Fast metal diffusers in Si in the presence of Si self-interstitial traps

Abstract

The diffusion of Au, Pt, and Zn in Si yield Si self-interstitial diffusivities, DI, that exceed those obtained from dopant marker experiments by 6 orders of magnitude at 800 °C. Both types of experiments can be reconciled by assuming the existence of a nonannihilating interstitial trap, related to carbon. In this context, selected metal diffusion data are reanalyzed. Nonannihilating immobile traps and a second-order reaction involving interstitial carbon and carbon–carbon pairs are considered.

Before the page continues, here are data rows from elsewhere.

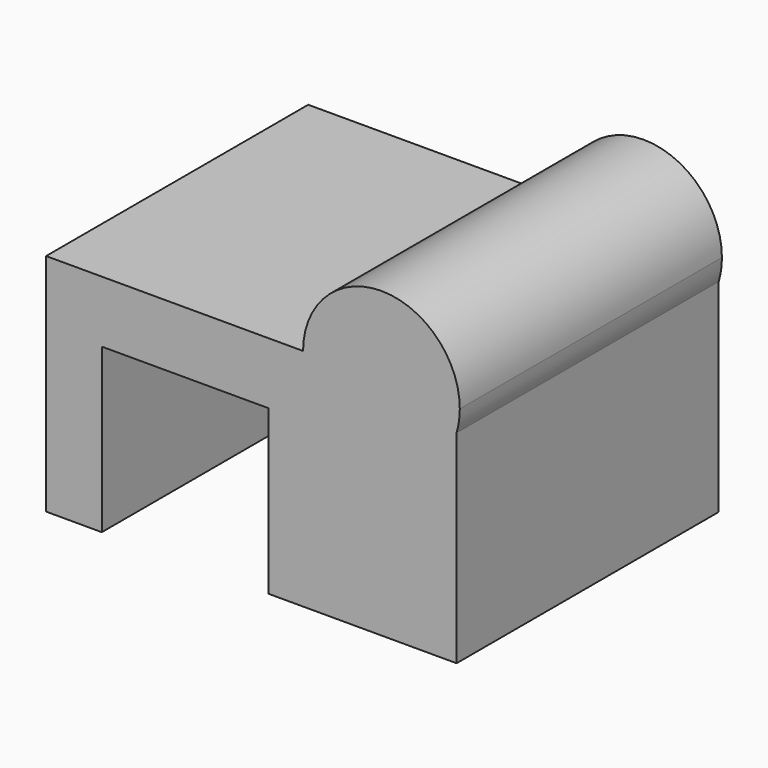
from build123d import *

# Parameters (mm, degrees)
F1_DEPTH = 25.4
F2_W     = 12.9091180861
F2_H     = 25.0910650939
F3_DEPTH = 28.702


with BuildPart() as f1:
    # F0 (on Front) → F1 (new body)
    with BuildSketch(Plane.XZ):
        with BuildLine():
            Line((-33.6216918521, 56.1617612839), (-53.54340747, 56.1617612839))
            Line((-53.54340747, 56.1617612839), (-53.54340747, 38.7188270688))
            Line((-53.54340747, 38.7188270688), (-21.719571203, 38.7188270688))
            Line((-21.719571203, 38.7188270688), (-21.719571203, 54.4453912809))
            ThreePointArc((-21.719571203, 54.4453912809), (-28.4139375356, 50.1491411825), (-33.6216918521, 56.1617612839))
        make_face()
        with BuildLine():
            ThreePointArc((-21.4720585056, 56.1617612839), (-27.5468751788, 62.2365779571), (-33.6216918521, 56.1617612839))
            Line((-33.6216918521, 56.1617612839), (-21.719571203, 56.1617612839))
            Line((-21.719571203, 56.1617612839), (-21.719571203, 54.4453912809))
            ThreePointArc((-21.719571203, 54.4453912809), (-21.5342550775, 55.2946989271), (-21.4720585056, 56.1617612839))
        make_face()
        with BuildLine():
            Line((-21.719571203, 56.1617612839), (-33.6216918521, 56.1617612839))
            ThreePointArc((-33.6216918521, 56.1617612839), (-28.4139375356, 50.1491411825), (-21.719571203, 54.4453912809))
            Line((-21.719571203, 54.4453912809), (-21.719571203, 56.1617612839))
        make_face()
    extrude(amount=F1_DEPTH)

    # F2 (on Front) → F3 (cut)
    with BuildSketch(Plane.XZ):
        with Locations((-42.769966647, 38.8393672183)):
            Rectangle(F2_W, F2_H)
    extrude(amount=F3_DEPTH, mode=Mode.SUBTRACT)


solid = f1.part

Quantitative point-defect parameters are extracted at 1115 °C for an assumed trap concentration of Ctt=5×1016 cm−3. In all cases and independent of the value of Ctt, excellent fits to concentration versus depth profiles of Zn are obtained; the extracted equilibrium concentration of Si self-interstitials, CI*, varies inversely with Ctt, while DICI* remains approximately constant. Hence agreement, or disagreement, of metal diffusion results with the Si self-diffusion coefficient cannot be used to exclude or prove trap-limited diffusion. Literature values of point-defect parameters obtained by neglecting traps represent lower bounds on DI and upper bounds on CI*. The time evolution of the Zn profile in the presence of traps is discussed. Proper inclusion of traps in the analysis of metal diffusion data leads to a decrease in the extracted activation energy of DI.